Problem: given a set of n coins of unique face values, and a value change, find number of ways of making change for change.

Assuming we can use a denomination more than once, here's the pseudocode I came up with

1. NUM-WAYS(denom[], n, change)
2.   dp = [change + 1][n + 1]
3.   for i = 0 to n
4      dp[i][0] = 1
5.   xs = denom.sorted

6.   for i = 1 to change
7.     for j = 1 to n
8.       if xs[j - 1] > i
9.         dp[i][j] = dp[i][j - 1]
10.      else
11.        dp[i][j] = dp[i - xs[j - 1]][j] + dp[i][j - 1]

12.  return dp[change][n]

The above algorithm is clear to me. However, if we are only allowed to use a denomination once, then line 11 changes to dp[i - xs[j - 1]][j - 1] + dp[i][j - 1], as if we are not allowed to use the current denomination at all. I'm failing to wrap my head around this. Can you explain this?

Here're some test runs:

Change: 3, denominations: [8, 3, 1, 2]
11111
01111
01222
01233

// use once
Change: 3, denominations: [8, 3, 1, 2]
11111
01111
00111
00122

Change: 4, denominations: [3, 1, 2]
1111
0111
0122
0123
0134

// use once
Change: 4, denominations: [3, 1, 2]
1111
0111
0011
0012
0001

Answer 1

OP here, answering my own question for the greater good of mankind.

Let dp[i][j] denote the solution to the [i,j]-th subproblem; that is, dp[i][j] is the number of ways to make change for the amount i, using coins j through n.

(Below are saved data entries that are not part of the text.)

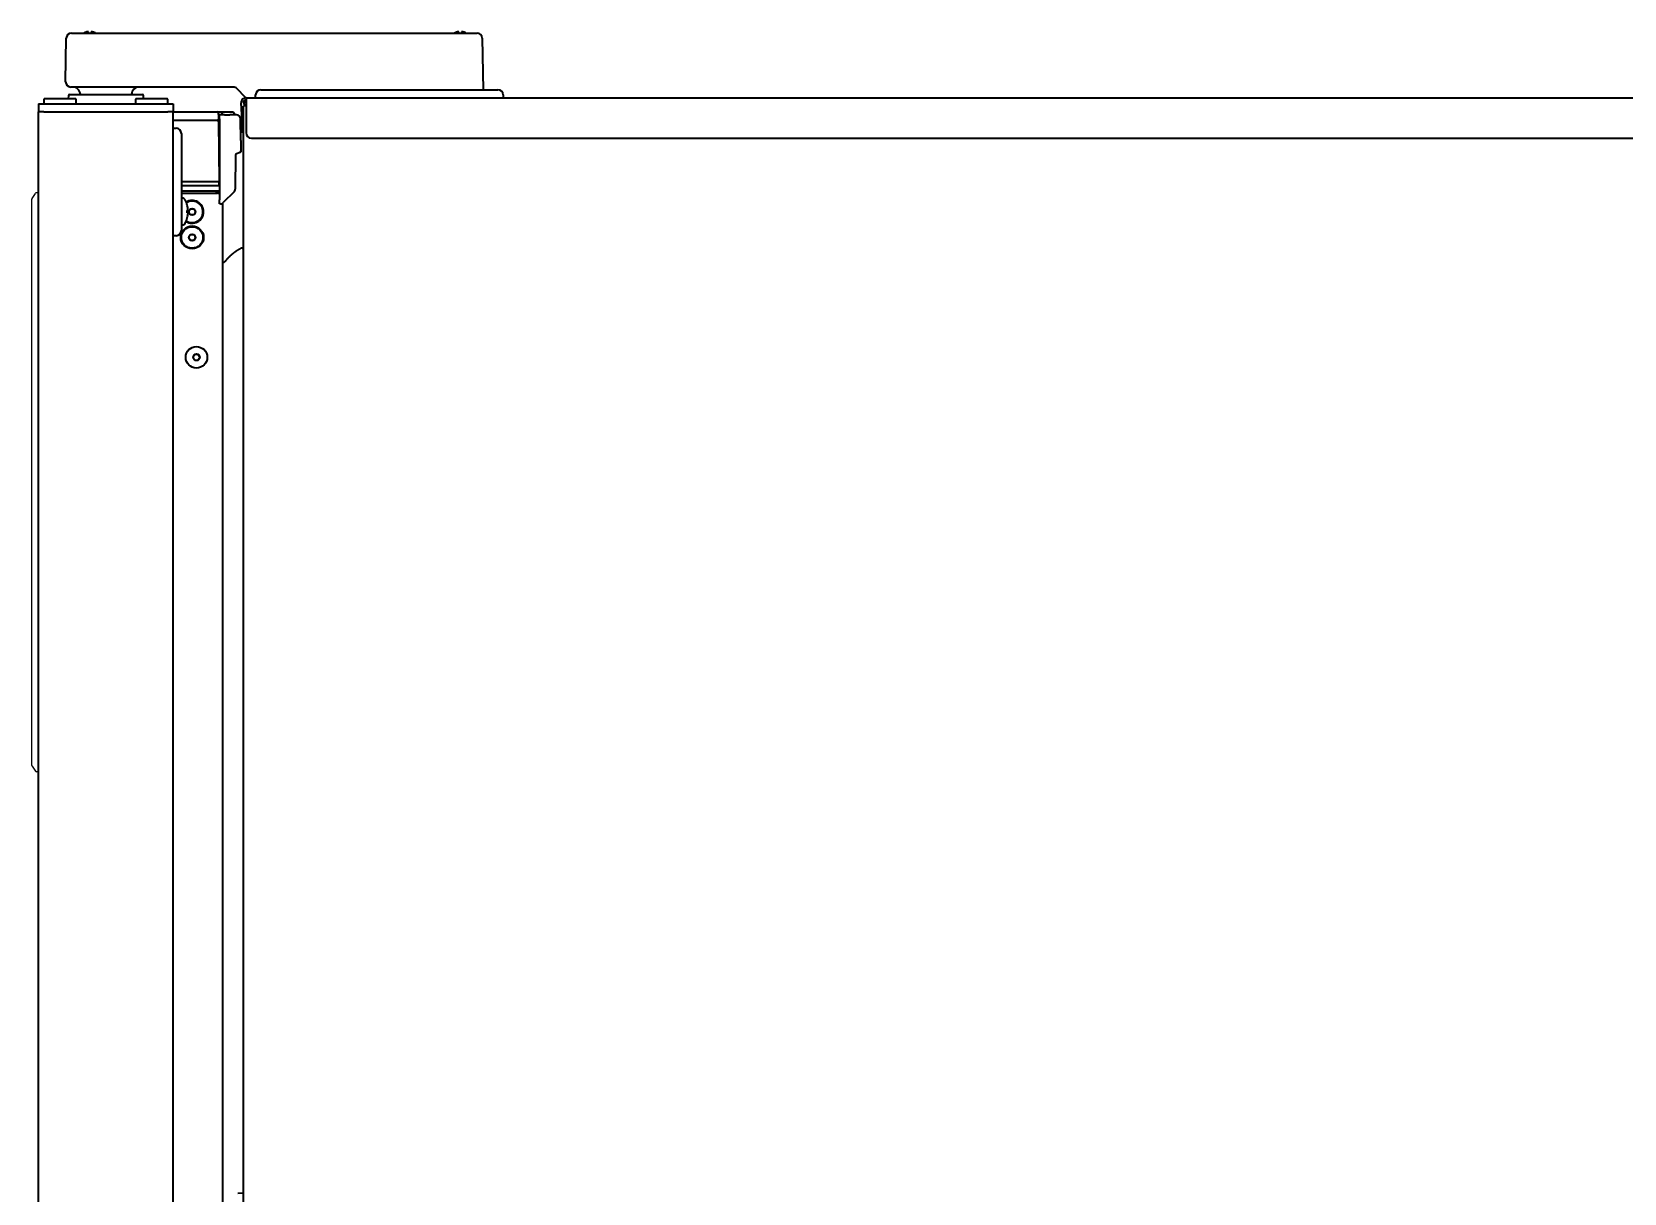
# Model space of a CAD drawing. Extents: x 6569 to 10251, y -294 to 3435.
# Drawn here: x 7411 to 8002, y 1825 to 2256 of the extents above; entities that cross this region are included whole.
import ezdxf

# ---------------------------------------------------------------- set-up
doc = ezdxf.new("R2010")
doc.units = 0
doc.header["$LTSCALE"] = 5
doc.layers.add('1', color=7, linetype='CONTINUOUS', true_color=0xffffff)
doc.layers.add('GEOM', color=7, linetype='CONTINUOUS')

msp = doc.modelspace()

# ---------------------------------------------------------------- linework, layer by layer
at = {"layer": '1', "color": 7, "linetype": 'Continuous', "lineweight": 35}
for p, q in [((7423.56, 2237.33), (7423.85, 2253.46)), ((7425.75, 2255.33), (7430.84, 2255.33)), ((7430.84, 2255.33), (7487.38, 2255.33)), ((7487.38, 2255.33), (7491.38, 2255.33)), ((7491.38, 2255.33), (7571.21, 2255.33)), ((7571.21, 2255.33), (7576.31, 2255.33)), ((7578.21, 2253.46), (7578.55, 2234.33)), ((7423.57, 2237.26), (7423.56, 2237.33)), ((7430.56, 2235.33), (7425.57, 2235.33)), ((7485.74, 2235.33), (7430.56, 2235.33)), ((7490.42, 2231.47), (7487.15, 2234.74)), ((7496.1, 2234.33), (7501.1, 2234.33)), ((7501.1, 2234.33), (7579.03, 2234.33)), ((7579.03, 2234.33), (7584.03, 2234.33)), ((7413.56, 2229.08), (7415.56, 2229.08)), ((7413.56, 2229.08), (7413.56, 2226.08)), ((7415.81, 2231.08), (7415.56, 2230.83)), ((7415.56, 2230.83), (7415.56, 2229.33)), ((7415.56, 2229.33), (7415.81, 2229.08)), ((7415.56, 2229.08), (7461.56, 2229.08)), ((7415.81, 2231.08), (7427.31, 2231.08)), ((7424.62, 2232.09), (7424.6, 2231.08)), ((7425.12, 2232.58), (7452.01, 2232.58)), ((7427.56, 2230.83), (7427.31, 2231.08)), ((7427.31, 2229.08), (7427.56, 2229.33)), ((7427.56, 2229.33), (7427.56, 2230.83)), ((7449.81, 2231.08), (7449.56, 2230.83)), ((7449.56, 2230.83), (7449.56, 2229.33)), ((7449.56, 2229.33), (7449.81, 2229.08)), ((7449.81, 2231.08), (7461.31, 2231.08)), ((7452.53, 2231.08), (7452.51, 2232.09)), ((7461.56, 2230.83), (7461.31, 2231.08)), ((7461.31, 2229.08), (7461.56, 2229.33)), ((7461.56, 2229.33), (7461.56, 2230.83)), ((7461.56, 2229.08), (7463.56, 2229.08)), ((7463.56, 2229.08), (7463.56, 2226.08)), ((7489.35, 2218.32), (7488.76, 2229.43)), ((7489.56, 1277.43), (7489.56, 2228.33)), ((7490.36, 2228.55), (7489.61, 2228.55)), ((7489.61, 2228.53), (7490.56, 2228.53)), ((7490.56, 2228.33), (7489.62, 2228.33)), ((7490.56, 2231.33), (8284.46, 2231.33)), ((7490.56, 2231.33), (7490.56, 2229.43)), ((7490.56, 2229.43), (7490.56, 2218.32)), ((7494.06, 2231.33), (7494.1, 2232.4)), ((7586.03, 2232.4), (7586.06, 2231.33)), ((7413.56, 1333.58), (7413.56, 2226.08)), ((7415.56, 2226.08), (7413.56, 2226.08)), ((7415.56, 2226.08), (7461.56, 2226.08)), ((7463.56, 2226.08), (7461.56, 2226.08)), ((7463.56, 1333.58), (7463.56, 2226.08)), ((7463.56, 2226.08), (7480.02, 2226.08)), ((7463.56, 2223.08), (7480.06, 2223.08)), ((7480.31, 2223.08), (7480.06, 2223.08)), ((7480.26, 2226.08), (7482.26, 2226.08)), ((7480.27, 2225.83), (7480.3, 2224.11)), ((7480.3, 2224.11), (7480.31, 2223.08)), ((7480.37, 2222.58), (7480.56, 2200.08)), ((7480.69, 2223.5), (7480.69, 2224.97)), ((7482.55, 2224.97), (7480.69, 2224.97)), ((7480.69, 2223.5), (7480.69, 2215.47)), ((7481.76, 2224.97), (7481.76, 2225.58)), ((7482.26, 2226.08), (7482.76, 2226.08)), ((7482.55, 2224.97), (7484.55, 2224.97)), ((7482.76, 2226.08), (7484.12, 2226.08)), ((7484.12, 2226.08), (7485.62, 2226.08)), ((7487.05, 2224.97), (7484.55, 2224.97)), ((7486.12, 2225.58), (7486.12, 2224.97)), ((7488.69, 2215.47), (7488.55, 2223.5)), ((7463.56, 2220.08), (7464.6, 2220.06)), ((7466.56, 2218.06), (7466.56, 2182.1)), ((7480.69, 2216.47), (7480.42, 2216.47)), ((7489.56, 2216.33), (7489.45, 2216.33)), ((7492.56, 2216.33), (8282.46, 2216.33)), ((7480.69, 2215.47), (7480.69, 2193.46)), ((7488.33, 2211.07), (7486.98, 2210.57)), ((7488.33, 2211.07), (7488.33, 2211.07)), ((7488.69, 2215.47), (7488.66, 2211.53)), ((7413.46, 2208.27), (7413.56, 2208.27)), ((7486.65, 2210.11), (7486.54, 2197.42)), ((7480.06, 2200.08), (7466.56, 2200.08)), ((7466.56, 2198.78), (7480.69, 2198.78)), ((7480.56, 2200.08), (7480.06, 2200.08)), ((7480.56, 2199.08), (7480.56, 2200.08)), ((7466.56, 2196.78), (7479.53, 2196.78)), ((7466.56, 2195.98), (7479.26, 2195.98)), ((7466.86, 2194.08), (7466.56, 2194.08)), ((7479.26, 2195.98), (7479.81, 2195.98)), ((7480.69, 2191.97), (7480.69, 2193.46)), ((7486.1, 2196.37), (7482.13, 2192.41)), ((7468.77, 2191.38), (7468.76, 2191.38)), ((7468.77, 2186.78), (7468.76, 2186.78)), ((7481.07, 2191.97), (7480.69, 2191.97)), ((7481.96, 1819.31), (7481.96, 2192.26)), ((7466.56, 2184.08), (7466.86, 2184.08)), ((7464.6, 2180.1), (7463.56, 2180.08)), ((7487.49, 1824.55), (7489.56, 1824.63))]:
    msp.add_line(p, q, dxfattribs=at)
for centre, radius in [((7470.56, 2188.98), 1.25), ((7470.56, 2188.98), 1.15), ((7470.56, 2179.48), 4.25), ((7470.56, 2179.48), 4), ((7470.56, 2179.48), 1.25), ((7470.56, 2179.48), 1.15), ((7472.16, 2134.98), 4), ((7472.16, 2134.98), 1.25), ((7472.16, 2134.98), 1.15)]:
    msp.add_circle(centre, radius, dxfattribs=at)
for centre, radius, start, end in [((7425.75, 2253.43), 1.9, 90, 179), ((7576.31, 2253.43), 1.9, 1, 90), ((7425.57, 2237.33), 2, 182, 270), ((7426.12, 2232.33), 3, 4.80592, 90), ((7451.01, 2232.33), 3, 90, 175.19408), ((7496.1, 2232.33), 2, 90, 178), ((7584.03, 2232.33), 2, 2, 90), ((7425.12, 2232.08), 0.5, 90, 179), ((7452.01, 2232.08), 0.5, 1, 90), ((7490.56, 2229.53), 1.8, 90, 183), ((7490.56, 2229.53), 1, 90, 183), ((7491.36, 2228.53), 1.8, 116.4767, 169.33237), ((7491.36, 2228.53), 1, 143.365, 178.85401), ((7491.36, 2228.53), 1, 178.85401, 180), ((7490.77, 2231.83), 0.5, 225, 270), ((7479.87, 2222.58), 0.5, 0.5, 90), ((7480.02, 2225.83), 0.25, 1, 90), ((7482.26, 2225.58), 0.5, 90, 179.5), ((7485.62, 2225.58), 0.5, 0.5, 90), ((7487.05, 2223.47), 1.5, 1, 90), ((7464.56, 2218.06), 2, 0, 89), ((7487.15, 2210.1), 0.5, 110, 179.5), ((7488.16, 2211.53), 0.5, 290, 359.5), ((7478.06, 2199.08), 2.5, 353.10652, 0), ((7466.86, 2192.83), 1.25, 28.60206, 90), ((7459.98, 2189.08), 9.08, 14.6676, 28.60206), ((7470.56, 2188.98), 4.25, 0, 121.286), ((7470.56, 2188.98), 4, 0, 121.87889), ((7479.26, 2191.98), 4, 76.89634, 90), ((7485.04, 2197.43), 1.5, 315, 359.5), ((7459.98, 2189.08), 9.08, 331.39794, 345.3324), ((7470.56, 2188.98), 4.25, 237.63048, 0), ((7470.56, 2188.98), 4, 237.03759, 0), ((7459.98, 2189.08), 8.79, 357.39099, 2.60901), ((7481.07, 2193.47), 1.5, 270, 315), ((7464.56, 2182.1), 2, 271, 0), ((7466.86, 2185.33), 1.25, 270, 331.39794)]:
    msp.add_arc(centre, radius, start, end, dxfattribs=at)
for centre, major_axis, ratio, start_param, end_param in [((7485.74, 2233.33), (1.41, 1.41), 1, 0, 0.785398), ((7492.56, 2218.32), (2, 0), 0.99863, 3.141593, 4.712389), ((7480.19, 2215.47), (-0.5, 0), 0.004364, 2.064397, 3.141593), ((7459.98, 2189.16), (9.06, 0), 0.993151, 0.058074, 0.249579), ((7459.98, 2189.74), (-9.06, 0), 0.116841, 2.892014, 3.083519), ((7459.98, 2188.42), (-9.06, 0), 0.116841, 3.199666, 3.391172), ((7459.98, 2189), (9.06, 0), 0.993151, -0.249579, -0.058074)]:
    msp.add_ellipse(centre, major_axis=major_axis, ratio=ratio, start_param=start_param, end_param=end_param, dxfattribs=at)
for points in [[(7431.56, 2255.82), (7431.51, 2255.81), (7431.4, 2255.78), (7431.24, 2255.73), (7431.08, 2255.67), (7430.93, 2255.61), (7430.77, 2255.54), (7430.62, 2255.47), (7430.45, 2255.38), (7430.33, 2255.31), (7430.26, 2255.27)], [(7432.06, 2255.82), (7432.04, 2255.82), (7431.99, 2255.83), (7431.92, 2255.84), (7431.85, 2255.84), (7431.78, 2255.84), (7431.71, 2255.84), (7431.64, 2255.83), (7431.59, 2255.82), (7431.56, 2255.82)], [(7433.56, 2255.82), (7433.54, 2255.83), (7433.49, 2255.83), (7433.41, 2255.84), (7433.34, 2255.84), (7433.27, 2255.84), (7433.2, 2255.84), (7433.13, 2255.83), (7433.09, 2255.82), (7433.06, 2255.82)], [(7433.06, 2255.82), (7433.06, 2255.81), (7433.06, 2255.78), (7433.06, 2255.73), (7433.06, 2255.67), (7433.06, 2255.61), (7433.06, 2255.54), (7433.06, 2255.47), (7433.06, 2255.38), (7433.06, 2255.31), (7433.06, 2255.27)], [(7569.56, 2255.82), (7569.54, 2255.82), (7569.49, 2255.83), (7569.42, 2255.84), (7569.35, 2255.84), (7569.28, 2255.84), (7569.21, 2255.84), (7569.14, 2255.83), (7569.09, 2255.82), (7569.06, 2255.82)], [(7571.06, 2255.82), (7571.04, 2255.83), (7570.99, 2255.83), (7570.91, 2255.84), (7570.84, 2255.84), (7570.77, 2255.84), (7570.7, 2255.84), (7570.63, 2255.83), (7570.59, 2255.82), (7570.56, 2255.82)], [(7570.56, 2255.82), (7570.56, 2255.81), (7570.56, 2255.78), (7570.56, 2255.73), (7570.56, 2255.67), (7570.56, 2255.61), (7570.56, 2255.54), (7570.56, 2255.47), (7570.56, 2255.38), (7570.56, 2255.31), (7570.56, 2255.27)]]:
    msp.add_open_spline(points, degree=3, dxfattribs=at)
for points, knots in [([(7432.06, 2255.27), (7432.06, 2255.4), (7432.06, 2255.5), (7432.06, 2255.64), (7432.06, 2255.68), (7432.06, 2255.76), (7432.06, 2255.79), (7432.06, 2255.82)], [0, 0, 0, 0, 0.5, 0.5, 0.75, 0.75, 1, 1, 1, 1]), ([(7434.86, 2255.27), (7434.66, 2255.4), (7434.45, 2255.5), (7434.13, 2255.64), (7434.02, 2255.68), (7433.79, 2255.76), (7433.68, 2255.79), (7433.56, 2255.82)], [0, 0, 0, 0, 0.5, 0.5, 0.75, 0.75, 1, 1, 1, 1]), ([(7569.06, 2255.82), (7569.01, 2255.81), (7568.9, 2255.78), (7568.74, 2255.73), (7568.58, 2255.67), (7568.43, 2255.61), (7568.27, 2255.54), (7568.12, 2255.47), (7567.98, 2255.4), (7567.89, 2255.35), (7567.87, 2255.33)], [0, 0, 0, 0, 0.134116, 0.268232, 0.402347, 0.536463, 0.670579, 0.804695, 0.938811, 1, 1, 1, 1]), ([(7569.56, 2255.27), (7569.56, 2255.4), (7569.56, 2255.5), (7569.56, 2255.64), (7569.56, 2255.68), (7569.56, 2255.76), (7569.56, 2255.79), (7569.56, 2255.82)], [0, 0, 0, 0, 0.5, 0.5, 0.75, 0.75, 1, 1, 1, 1]), ([(7572.36, 2255.27), (7572.16, 2255.4), (7571.95, 2255.5), (7571.63, 2255.64), (7571.52, 2255.68), (7571.29, 2255.76), (7571.18, 2255.79), (7571.06, 2255.82)], [0, 0, 0, 0, 0.5, 0.5, 0.75, 0.75, 1, 1, 1, 1]), ([(7488.66, 2211.53), (7488.66, 2211.48), (7488.65, 2211.43), (7488.62, 2211.33), (7488.6, 2211.29), (7488.54, 2211.21), (7488.5, 2211.17), (7488.42, 2211.11), (7488.38, 2211.08), (7488.33, 2211.07)], [0, 0, 0, 0, 0.25, 0.25, 0.5, 0.5, 0.75, 0.75, 1, 1, 1, 1]), ([(7479.53, 2196.78), (7479.64, 2196.78), (7479.75, 2196.78), (7479.96, 2196.78), (7480.06, 2196.78), (7480.16, 2196.78)], [0, 0, 0, 0, 0.524217, 0.524217, 1, 1, 1, 1]), ([(7480.16, 2195.98), (7480.11, 2195.98), (7480.05, 2195.98), (7479.94, 2195.98), (7479.87, 2195.98), (7479.81, 2195.98)], [0, 0, 0, 0, 0.475783, 0.475783, 1, 1, 1, 1]), ([(7480.16, 2196.78), (7480.29, 2196.78), (7480.41, 2196.77), (7480.58, 2196.73), (7480.64, 2196.72), (7480.69, 2196.7)], [0, 0, 0, 0, 0.125, 0.125, 0.1863445, 0.1863445, 0.1863445, 0.1863445]), ([(7480.69, 2195.83), (7480.66, 2195.85), (7480.62, 2195.87), (7480.56, 2195.9), (7480.52, 2195.91), (7480.47, 2195.93), (7480.46, 2195.93), (7480.42, 2195.94), (7480.4, 2195.95), (7480.31, 2195.97), (7480.24, 2195.98), (7480.16, 2195.98)], [0.2344185, 0.2344185, 0.2344185, 0.2344185, 0.4062857, 0.4062857, 0.5547142, 0.5547142, 0.6289285, 0.6289285, 0.7031428, 0.7031428, 1, 1, 1, 1]), ([(7480.69, 2195.76), (7480.64, 2195.78), (7480.52, 2195.81), (7480.41, 2195.83), (7480.32, 2195.85), (7480.29, 2195.85), (7480.23, 2195.86), (7480.19, 2195.87), (7480.16, 2195.87)], [0.8141323, 0.8141323, 0.8141323, 0.8141323, 0.875, 0.9375, 0.9375, 0.96875, 0.96875, 1, 1, 1, 1])]:
    msp.add_open_spline(points, degree=3, knots=knots, dxfattribs=at)
msp.add_rational_spline([(7489.56, 2175.02), (7489.57, 2175.13), (7489.54, 2175.24), (7489.47, 2175.34), (7489.29, 2175.5), (7489.14, 2175.57), (7488.97, 2175.55), (7487.15, 2174.64), (7485.59, 2173.56), (7484.2, 2172.28), (7483, 2170.83)], [0.538226916685, 0.536085064781, 0.534959980681, 0.54070139398, 0.54070139398, 0.529985887725, 0.54070139398, 0.534816719201, 0.532855160942, 0.534816719201, 0.54070139398], degree=4, knots=[0, 0, 0, 0, 0, 0.048669, 0.048669, 0.048669, 0.115159, 0.115159, 0.115159, 1, 1, 1, 1, 1], dxfattribs=at)
msp.add_rational_spline([(7483, 2170.83), (7482.77, 2170.58), (7482.52, 2170.34), (7482.25, 2170.13), (7481.96, 2169.93)], [0.54070139398, 0.531593539045, 0.523760912037, 0.517203512957, 0.511921341806], degree=4, dxfattribs=at)
at = {"layer": 'GEOM', "color": 7, "linetype": 'Continuous'}
for p, q in [((7411.06, 1983.43), (7411.06, 2193.72)), ((7411.15, 2194), (7412.42, 2195.86)), ((7413.56, 2196.08), (7412.83, 2196.08)), ((7411.15, 1983.15), (7412.42, 1981.3)), ((7413.56, 1981.08), (7412.83, 1981.08))]:
    msp.add_line(p, q, dxfattribs=at)
for centre, start, end in [((7411.56, 2193.72), 145.71312, 180), ((7412.83, 2195.58), 90, 145.71312), ((7411.56, 1983.43), 180, 214.28688), ((7412.83, 1981.58), 214.28688, 270)]:
    msp.add_arc(centre, 0.5, start, end, dxfattribs=at)

doc.saveas('drawing.dxf')

Coin Change Problem with Repetition

dp[i - xs[j - 1]][j] + // 1
    dp[i][j - 1]       // 2

1. Use coin j, and since there is no constraint on the denominations, solve the smaller subproblem using the same denomination.

2. Don't use coin j.

Coin Change Problem without Repetition

dp[i - xs[j - 1]][j - 1] + // 1
    dp[i][j - 1]           // 2

1. Use coin j, and since we used coin j for this subproblem, we can't use it for any other.
2. Don't use coin j.